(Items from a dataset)
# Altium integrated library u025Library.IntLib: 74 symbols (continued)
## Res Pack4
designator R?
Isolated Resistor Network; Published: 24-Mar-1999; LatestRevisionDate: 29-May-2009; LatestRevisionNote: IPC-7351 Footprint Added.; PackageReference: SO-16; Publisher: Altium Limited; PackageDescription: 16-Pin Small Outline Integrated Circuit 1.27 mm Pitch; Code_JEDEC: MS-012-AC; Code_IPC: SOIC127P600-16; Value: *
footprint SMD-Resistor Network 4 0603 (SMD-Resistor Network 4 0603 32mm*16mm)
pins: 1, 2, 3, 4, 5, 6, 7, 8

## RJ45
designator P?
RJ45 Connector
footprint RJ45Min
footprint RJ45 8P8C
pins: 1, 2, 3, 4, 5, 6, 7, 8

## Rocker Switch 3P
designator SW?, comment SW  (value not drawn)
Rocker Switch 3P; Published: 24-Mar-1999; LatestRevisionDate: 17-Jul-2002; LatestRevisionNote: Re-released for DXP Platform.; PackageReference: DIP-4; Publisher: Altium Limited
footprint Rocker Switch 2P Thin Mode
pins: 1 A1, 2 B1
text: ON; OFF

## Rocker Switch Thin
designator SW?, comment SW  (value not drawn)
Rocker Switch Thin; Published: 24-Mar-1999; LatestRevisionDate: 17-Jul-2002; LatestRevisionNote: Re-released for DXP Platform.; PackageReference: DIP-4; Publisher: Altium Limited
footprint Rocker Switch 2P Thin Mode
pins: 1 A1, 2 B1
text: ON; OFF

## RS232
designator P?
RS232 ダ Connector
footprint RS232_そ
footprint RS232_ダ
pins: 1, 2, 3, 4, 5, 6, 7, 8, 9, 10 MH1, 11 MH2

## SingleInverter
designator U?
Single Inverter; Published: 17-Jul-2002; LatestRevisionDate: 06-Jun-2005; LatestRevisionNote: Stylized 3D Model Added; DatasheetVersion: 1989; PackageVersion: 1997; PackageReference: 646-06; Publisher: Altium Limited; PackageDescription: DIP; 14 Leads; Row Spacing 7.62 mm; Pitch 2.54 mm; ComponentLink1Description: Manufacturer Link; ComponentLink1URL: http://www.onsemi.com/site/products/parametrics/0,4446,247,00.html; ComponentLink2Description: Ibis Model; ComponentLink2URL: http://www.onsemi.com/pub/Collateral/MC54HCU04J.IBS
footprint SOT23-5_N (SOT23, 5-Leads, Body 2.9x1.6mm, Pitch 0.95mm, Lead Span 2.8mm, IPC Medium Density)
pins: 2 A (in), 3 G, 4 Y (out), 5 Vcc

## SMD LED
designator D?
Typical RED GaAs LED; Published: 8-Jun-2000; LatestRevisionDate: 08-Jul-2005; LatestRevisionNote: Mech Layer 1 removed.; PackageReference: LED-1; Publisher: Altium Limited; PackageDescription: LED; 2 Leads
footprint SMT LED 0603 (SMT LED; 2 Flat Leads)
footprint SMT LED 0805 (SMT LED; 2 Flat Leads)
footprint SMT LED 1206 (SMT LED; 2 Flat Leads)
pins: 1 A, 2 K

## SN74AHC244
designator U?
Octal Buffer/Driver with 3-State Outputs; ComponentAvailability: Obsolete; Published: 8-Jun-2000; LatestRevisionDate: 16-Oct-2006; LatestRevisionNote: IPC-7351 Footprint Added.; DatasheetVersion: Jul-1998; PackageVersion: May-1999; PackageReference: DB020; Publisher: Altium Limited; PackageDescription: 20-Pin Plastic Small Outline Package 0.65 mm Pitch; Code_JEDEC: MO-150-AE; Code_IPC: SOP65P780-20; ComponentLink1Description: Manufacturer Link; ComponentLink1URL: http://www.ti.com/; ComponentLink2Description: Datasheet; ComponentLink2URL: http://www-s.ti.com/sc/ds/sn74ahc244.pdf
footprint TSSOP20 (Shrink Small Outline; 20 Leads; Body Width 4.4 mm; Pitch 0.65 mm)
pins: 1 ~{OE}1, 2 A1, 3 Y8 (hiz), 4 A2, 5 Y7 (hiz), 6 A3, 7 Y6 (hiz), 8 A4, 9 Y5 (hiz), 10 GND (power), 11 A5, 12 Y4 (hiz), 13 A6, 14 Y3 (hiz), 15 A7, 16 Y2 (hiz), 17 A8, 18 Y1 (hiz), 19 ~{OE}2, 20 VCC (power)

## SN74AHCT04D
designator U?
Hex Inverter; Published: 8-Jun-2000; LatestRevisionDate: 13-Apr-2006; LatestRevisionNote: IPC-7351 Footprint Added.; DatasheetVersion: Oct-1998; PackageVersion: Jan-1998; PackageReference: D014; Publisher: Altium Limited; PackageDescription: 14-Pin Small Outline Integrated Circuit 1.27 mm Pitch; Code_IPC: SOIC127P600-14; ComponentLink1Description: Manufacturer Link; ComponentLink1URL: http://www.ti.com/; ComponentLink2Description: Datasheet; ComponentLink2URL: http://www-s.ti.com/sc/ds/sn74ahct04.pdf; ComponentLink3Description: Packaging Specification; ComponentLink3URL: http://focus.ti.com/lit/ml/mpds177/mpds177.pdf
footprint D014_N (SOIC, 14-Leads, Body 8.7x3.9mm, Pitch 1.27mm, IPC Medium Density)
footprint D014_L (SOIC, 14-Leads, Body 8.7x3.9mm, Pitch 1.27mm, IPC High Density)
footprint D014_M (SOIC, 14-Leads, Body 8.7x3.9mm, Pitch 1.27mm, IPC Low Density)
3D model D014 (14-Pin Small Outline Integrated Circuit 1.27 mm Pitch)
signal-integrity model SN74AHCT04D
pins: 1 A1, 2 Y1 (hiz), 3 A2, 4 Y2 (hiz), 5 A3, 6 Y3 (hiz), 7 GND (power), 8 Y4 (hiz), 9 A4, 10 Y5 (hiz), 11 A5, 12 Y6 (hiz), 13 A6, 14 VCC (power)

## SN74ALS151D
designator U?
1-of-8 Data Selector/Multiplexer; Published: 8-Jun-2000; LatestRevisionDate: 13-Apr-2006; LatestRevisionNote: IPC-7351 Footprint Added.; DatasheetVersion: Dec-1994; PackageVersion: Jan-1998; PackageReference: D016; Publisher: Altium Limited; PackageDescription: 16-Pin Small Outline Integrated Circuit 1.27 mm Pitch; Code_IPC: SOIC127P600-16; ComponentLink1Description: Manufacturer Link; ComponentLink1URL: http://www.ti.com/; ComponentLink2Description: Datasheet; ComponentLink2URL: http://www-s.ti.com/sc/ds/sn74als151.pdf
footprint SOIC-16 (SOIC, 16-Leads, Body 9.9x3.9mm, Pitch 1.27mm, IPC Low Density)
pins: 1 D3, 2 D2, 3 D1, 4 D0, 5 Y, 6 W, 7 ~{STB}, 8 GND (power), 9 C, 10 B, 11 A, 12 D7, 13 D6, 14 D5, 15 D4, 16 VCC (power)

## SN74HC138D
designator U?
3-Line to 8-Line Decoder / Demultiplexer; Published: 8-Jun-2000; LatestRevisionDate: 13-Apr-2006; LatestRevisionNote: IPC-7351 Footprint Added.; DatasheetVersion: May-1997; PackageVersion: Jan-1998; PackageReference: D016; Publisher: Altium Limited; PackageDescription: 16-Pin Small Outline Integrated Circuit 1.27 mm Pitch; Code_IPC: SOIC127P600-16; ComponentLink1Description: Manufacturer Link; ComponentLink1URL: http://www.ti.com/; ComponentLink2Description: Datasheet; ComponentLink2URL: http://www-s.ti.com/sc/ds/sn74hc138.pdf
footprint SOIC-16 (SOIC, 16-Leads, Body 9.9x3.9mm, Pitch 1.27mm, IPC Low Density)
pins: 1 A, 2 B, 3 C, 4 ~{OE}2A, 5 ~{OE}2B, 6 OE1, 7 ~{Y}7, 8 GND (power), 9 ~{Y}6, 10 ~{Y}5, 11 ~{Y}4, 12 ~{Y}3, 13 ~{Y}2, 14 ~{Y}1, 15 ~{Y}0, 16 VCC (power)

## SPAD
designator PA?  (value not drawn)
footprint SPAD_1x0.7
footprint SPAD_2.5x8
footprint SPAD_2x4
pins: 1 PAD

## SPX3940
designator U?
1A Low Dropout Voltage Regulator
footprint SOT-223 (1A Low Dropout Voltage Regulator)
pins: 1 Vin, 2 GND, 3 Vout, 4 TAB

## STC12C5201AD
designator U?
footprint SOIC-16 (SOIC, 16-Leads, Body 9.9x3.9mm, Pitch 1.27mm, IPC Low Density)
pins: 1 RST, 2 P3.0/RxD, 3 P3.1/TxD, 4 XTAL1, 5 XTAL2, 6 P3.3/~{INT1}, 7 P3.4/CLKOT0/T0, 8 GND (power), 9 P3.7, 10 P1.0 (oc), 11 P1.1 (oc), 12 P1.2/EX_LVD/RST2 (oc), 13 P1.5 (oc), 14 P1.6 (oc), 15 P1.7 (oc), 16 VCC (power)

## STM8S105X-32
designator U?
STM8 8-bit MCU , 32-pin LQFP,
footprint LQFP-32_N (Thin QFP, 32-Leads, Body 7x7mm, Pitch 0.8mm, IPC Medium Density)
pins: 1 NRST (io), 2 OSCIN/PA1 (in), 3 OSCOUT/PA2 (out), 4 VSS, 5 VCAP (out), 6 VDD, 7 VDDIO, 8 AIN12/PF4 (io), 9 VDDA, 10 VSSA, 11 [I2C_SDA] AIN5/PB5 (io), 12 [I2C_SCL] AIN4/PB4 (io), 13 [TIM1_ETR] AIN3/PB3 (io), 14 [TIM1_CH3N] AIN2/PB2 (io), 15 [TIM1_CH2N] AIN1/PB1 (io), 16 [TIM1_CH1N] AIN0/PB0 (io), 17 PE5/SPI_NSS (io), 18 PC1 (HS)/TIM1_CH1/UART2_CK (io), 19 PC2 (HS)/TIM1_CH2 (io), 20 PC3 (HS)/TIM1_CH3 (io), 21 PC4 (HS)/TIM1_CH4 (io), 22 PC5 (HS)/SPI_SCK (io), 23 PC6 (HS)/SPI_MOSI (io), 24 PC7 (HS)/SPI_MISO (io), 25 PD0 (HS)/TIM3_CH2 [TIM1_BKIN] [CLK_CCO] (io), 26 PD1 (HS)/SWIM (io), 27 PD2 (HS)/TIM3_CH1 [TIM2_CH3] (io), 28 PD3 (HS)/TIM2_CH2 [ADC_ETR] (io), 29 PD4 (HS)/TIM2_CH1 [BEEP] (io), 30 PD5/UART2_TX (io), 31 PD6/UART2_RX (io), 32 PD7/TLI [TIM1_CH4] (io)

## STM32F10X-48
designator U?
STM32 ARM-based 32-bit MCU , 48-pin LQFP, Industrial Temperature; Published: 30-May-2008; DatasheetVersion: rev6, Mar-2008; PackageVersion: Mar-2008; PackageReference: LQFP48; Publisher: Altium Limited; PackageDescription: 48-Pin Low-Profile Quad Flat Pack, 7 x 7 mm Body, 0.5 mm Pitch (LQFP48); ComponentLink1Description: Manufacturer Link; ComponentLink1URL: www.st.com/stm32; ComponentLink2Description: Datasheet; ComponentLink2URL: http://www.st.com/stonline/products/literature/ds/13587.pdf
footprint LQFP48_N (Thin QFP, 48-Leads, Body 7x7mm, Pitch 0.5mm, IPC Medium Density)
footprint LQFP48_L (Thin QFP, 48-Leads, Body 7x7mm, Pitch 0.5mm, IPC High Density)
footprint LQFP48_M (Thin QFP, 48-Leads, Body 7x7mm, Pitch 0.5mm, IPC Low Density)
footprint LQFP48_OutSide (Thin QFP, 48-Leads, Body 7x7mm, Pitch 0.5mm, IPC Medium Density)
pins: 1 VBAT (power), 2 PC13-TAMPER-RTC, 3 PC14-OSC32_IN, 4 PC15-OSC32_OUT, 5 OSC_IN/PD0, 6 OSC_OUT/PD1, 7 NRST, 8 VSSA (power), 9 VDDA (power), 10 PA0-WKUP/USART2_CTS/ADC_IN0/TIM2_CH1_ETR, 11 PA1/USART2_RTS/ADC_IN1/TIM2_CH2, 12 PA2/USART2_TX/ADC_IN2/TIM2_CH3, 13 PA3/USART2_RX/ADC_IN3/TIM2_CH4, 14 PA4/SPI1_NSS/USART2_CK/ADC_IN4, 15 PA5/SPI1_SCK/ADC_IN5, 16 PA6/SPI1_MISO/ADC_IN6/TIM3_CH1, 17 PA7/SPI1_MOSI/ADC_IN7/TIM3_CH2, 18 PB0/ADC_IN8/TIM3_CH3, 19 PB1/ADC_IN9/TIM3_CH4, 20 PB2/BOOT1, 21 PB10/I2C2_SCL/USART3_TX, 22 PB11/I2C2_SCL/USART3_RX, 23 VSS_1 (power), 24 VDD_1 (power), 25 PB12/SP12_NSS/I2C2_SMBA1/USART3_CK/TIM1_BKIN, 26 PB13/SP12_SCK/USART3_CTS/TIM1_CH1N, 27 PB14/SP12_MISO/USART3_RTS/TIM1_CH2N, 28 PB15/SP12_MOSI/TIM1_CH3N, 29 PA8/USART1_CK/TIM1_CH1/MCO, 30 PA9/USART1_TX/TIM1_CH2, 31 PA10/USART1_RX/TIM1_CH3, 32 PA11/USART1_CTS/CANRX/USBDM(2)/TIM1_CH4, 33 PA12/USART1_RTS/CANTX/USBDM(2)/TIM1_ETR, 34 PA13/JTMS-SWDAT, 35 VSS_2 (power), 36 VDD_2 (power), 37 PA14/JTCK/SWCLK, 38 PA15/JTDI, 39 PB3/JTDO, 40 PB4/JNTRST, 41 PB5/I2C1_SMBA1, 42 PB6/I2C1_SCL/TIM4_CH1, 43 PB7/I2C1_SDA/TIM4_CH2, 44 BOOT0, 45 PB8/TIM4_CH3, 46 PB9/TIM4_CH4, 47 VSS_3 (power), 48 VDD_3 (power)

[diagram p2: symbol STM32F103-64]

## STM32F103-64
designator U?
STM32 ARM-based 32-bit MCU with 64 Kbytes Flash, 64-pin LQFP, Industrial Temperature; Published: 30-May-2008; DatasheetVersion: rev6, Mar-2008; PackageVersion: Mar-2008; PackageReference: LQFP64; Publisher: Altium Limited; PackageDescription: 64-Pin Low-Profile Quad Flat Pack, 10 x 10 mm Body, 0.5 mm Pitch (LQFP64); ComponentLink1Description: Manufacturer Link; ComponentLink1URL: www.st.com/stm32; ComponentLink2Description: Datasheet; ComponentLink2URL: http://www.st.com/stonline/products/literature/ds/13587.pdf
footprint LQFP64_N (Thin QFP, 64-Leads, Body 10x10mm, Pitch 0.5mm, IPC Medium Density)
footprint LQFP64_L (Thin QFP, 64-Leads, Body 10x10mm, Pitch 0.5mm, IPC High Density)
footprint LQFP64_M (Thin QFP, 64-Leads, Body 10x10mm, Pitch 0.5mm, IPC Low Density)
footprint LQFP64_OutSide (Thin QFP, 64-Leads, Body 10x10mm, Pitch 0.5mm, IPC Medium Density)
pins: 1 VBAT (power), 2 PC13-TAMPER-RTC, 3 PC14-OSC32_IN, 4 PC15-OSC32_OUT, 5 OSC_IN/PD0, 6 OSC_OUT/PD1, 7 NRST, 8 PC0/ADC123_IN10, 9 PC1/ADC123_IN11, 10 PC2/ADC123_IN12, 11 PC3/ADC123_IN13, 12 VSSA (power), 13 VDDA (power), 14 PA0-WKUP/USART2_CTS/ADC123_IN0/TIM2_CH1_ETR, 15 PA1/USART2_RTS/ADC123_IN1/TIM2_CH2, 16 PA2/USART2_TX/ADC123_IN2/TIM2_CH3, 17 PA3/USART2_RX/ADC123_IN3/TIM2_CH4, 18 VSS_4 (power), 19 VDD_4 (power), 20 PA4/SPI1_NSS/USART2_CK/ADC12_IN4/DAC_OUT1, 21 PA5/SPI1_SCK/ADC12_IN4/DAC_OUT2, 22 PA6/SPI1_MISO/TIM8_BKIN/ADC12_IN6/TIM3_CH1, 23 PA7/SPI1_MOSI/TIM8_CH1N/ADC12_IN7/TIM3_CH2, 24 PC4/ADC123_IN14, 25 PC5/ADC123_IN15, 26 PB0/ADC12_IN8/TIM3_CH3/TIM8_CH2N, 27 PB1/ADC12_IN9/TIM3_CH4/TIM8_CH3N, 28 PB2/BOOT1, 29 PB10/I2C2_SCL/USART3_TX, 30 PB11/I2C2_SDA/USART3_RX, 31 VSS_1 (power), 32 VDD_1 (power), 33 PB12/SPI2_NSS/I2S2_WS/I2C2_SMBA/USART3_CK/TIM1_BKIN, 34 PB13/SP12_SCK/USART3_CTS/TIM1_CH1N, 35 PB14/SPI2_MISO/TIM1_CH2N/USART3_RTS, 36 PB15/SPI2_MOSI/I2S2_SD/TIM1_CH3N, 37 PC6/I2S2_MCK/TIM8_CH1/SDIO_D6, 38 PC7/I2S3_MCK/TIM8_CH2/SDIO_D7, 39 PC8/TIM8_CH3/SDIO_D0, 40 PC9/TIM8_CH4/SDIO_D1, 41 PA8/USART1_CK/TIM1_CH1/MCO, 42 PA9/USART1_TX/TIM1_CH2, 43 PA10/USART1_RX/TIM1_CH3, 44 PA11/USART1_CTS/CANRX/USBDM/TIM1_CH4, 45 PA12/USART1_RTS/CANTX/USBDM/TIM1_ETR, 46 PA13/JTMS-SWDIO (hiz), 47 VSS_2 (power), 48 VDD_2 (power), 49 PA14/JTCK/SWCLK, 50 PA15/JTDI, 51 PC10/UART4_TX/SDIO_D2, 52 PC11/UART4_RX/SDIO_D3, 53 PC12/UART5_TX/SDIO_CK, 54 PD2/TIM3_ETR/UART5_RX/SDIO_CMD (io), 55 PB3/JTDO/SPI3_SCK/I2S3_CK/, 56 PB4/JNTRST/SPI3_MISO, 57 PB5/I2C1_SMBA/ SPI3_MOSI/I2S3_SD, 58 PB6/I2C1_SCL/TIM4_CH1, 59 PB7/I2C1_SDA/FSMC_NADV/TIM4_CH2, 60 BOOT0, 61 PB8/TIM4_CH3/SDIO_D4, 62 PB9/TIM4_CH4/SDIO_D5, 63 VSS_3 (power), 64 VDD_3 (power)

__Prompt__:
Exactly as they appear, retype the lines from the start of the records through the line containing "footprint RJ45Min".

__Result of the exercise__:
# Altium integrated library u025Library.IntLib: 74 symbols (continued)
## Res Pack4
designator R?
Isolated Resistor Network; Published: 24-Mar-1999; LatestRevisionDate: 29-May-2009; LatestRevisionNote: IPC-7351 Footprint Added.; PackageReference: SO-16; Publisher: Altium Limited; PackageDescription: 16-Pin Small Outline Integrated Circuit 1.27 mm Pitch; Code_JEDEC: MS-012-AC; Code_IPC: SOIC127P600-16; Value: *
footprint SMD-Resistor Network 4 0603 (SMD-Resistor Network 4 0603 32mm*16mm)
pins: 1, 2, 3, 4, 5, 6, 7, 8

## RJ45
designator P?
RJ45 Connector
footprint RJ45Min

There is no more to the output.